Ingredients for - Fusion Risotto Vegan

1. Margarine (such as Earth Balance®) 3 tablespoons
2. Basil leaves, finely chopped 3
3. Fresh chives, finely chopped 2 bunches
4. Vegetable stock, or more if needed 6 cups
5. Onion, cubed 1
6. Tomato, cubed 1
7. Yukon Gold potatoes, cubed 3
8. Garlic powder 2 tablespoons
9. Onion Powder 2 tablespoons
10. Cayenne pepper 1 tablespoon
11. Ground cumin 1 tablespoon
12. Paprika 1 tablespoon
13. Salt and ground black pepper to taste 1 tablespoon
14. Garlic, minced 2 cloves
15. Chickpeas (garbanzo beans), drained and rinsed 1 (16 ounce) can
16. Arborio rice 2 cups

How to cook deliciously - Fusion Risotto Vegan

1 . Stage

Heat margarine in a pot over medium heat; cook and stir basil and chives until fragrant, 1 to 2 minutes.
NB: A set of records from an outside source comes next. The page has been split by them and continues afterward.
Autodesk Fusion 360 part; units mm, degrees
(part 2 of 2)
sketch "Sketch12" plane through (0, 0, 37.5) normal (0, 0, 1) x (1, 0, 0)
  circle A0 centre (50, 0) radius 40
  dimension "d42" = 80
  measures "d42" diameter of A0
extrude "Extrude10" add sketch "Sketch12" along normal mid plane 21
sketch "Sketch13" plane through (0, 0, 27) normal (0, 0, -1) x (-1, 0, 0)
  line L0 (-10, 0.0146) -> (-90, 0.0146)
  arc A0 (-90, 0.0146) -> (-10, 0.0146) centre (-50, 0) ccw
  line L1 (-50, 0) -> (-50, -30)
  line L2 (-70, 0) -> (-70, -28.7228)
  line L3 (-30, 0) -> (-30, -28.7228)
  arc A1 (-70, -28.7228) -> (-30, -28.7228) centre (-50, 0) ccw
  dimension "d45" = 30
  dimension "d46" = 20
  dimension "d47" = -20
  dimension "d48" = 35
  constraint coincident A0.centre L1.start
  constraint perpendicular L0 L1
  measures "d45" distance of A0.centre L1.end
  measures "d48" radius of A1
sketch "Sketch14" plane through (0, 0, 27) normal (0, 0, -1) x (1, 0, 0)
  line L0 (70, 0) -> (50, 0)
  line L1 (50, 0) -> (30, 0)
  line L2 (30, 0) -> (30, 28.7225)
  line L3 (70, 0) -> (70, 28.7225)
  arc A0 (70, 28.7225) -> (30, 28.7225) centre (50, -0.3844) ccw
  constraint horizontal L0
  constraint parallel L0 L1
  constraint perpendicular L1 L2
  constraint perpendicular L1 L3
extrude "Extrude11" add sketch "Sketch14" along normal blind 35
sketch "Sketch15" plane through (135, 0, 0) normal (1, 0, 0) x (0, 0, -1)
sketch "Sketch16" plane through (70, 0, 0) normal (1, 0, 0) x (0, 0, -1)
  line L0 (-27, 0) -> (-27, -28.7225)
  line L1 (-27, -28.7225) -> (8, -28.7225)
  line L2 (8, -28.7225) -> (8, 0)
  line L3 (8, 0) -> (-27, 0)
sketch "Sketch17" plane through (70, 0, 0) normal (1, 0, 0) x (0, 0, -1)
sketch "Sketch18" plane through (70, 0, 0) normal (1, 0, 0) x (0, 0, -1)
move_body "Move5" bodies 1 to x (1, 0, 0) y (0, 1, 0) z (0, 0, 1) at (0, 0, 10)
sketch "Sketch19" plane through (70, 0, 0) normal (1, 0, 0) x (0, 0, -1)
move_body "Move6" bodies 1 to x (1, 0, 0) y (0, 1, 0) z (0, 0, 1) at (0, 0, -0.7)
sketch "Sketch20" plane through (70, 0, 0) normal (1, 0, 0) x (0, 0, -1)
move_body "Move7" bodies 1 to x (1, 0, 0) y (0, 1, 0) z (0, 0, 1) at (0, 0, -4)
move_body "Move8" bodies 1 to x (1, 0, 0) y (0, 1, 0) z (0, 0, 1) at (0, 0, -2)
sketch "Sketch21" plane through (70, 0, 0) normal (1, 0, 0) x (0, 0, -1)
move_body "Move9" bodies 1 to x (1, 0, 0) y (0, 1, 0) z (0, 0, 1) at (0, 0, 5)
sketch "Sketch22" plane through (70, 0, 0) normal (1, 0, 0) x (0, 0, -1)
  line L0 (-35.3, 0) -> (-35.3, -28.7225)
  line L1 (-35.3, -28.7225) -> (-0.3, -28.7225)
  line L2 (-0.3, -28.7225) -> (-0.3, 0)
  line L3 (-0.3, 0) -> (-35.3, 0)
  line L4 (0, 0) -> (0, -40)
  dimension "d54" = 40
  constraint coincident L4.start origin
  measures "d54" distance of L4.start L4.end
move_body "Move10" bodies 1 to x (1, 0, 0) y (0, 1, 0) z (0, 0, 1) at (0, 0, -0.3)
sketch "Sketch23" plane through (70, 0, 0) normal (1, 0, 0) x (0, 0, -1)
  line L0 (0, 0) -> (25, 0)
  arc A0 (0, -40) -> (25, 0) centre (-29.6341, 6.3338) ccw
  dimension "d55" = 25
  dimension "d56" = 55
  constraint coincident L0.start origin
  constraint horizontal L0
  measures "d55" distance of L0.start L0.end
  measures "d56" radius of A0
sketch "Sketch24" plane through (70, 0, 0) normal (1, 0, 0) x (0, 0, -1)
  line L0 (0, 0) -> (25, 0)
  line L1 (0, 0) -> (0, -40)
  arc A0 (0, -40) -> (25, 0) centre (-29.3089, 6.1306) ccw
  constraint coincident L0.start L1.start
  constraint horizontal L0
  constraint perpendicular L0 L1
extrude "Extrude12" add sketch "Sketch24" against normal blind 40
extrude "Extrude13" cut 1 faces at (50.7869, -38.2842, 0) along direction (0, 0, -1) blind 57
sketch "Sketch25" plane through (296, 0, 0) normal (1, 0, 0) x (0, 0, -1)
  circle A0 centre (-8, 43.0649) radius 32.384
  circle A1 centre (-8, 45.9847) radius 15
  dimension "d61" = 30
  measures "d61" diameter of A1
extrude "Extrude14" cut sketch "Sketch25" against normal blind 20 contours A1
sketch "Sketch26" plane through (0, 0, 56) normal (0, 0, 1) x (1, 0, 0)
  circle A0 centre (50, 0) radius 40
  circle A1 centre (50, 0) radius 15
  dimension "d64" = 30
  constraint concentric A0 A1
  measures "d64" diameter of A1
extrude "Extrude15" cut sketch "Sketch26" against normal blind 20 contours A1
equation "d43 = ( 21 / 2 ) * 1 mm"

Heat vegetable stock in a separate saucepan over medium-low heat; keep warm.

2 . Stage

Cook and stir onion, tomato, potatoes, garlic powder, onion powder, cayenne pepper, cumin, paprika, salt, and black pepper into chive mixture until onion is tender, about 6 minutes. Add garlic and chickpeas; cook until garlic is fragrant, 1 to 2 minutes. Stir rice into chickpea mixture; cook and stir until rice is coated and lightly toasted, 2 to 3 minutes.

3 . Stage

Stir warm vegetable stock, 1 cup at a time, into rice mixture, waiting until the broth is absorbed before adding next cup. Continue stirring rice and adding vegetable stock until rice is fully cooked, about 20 minutes.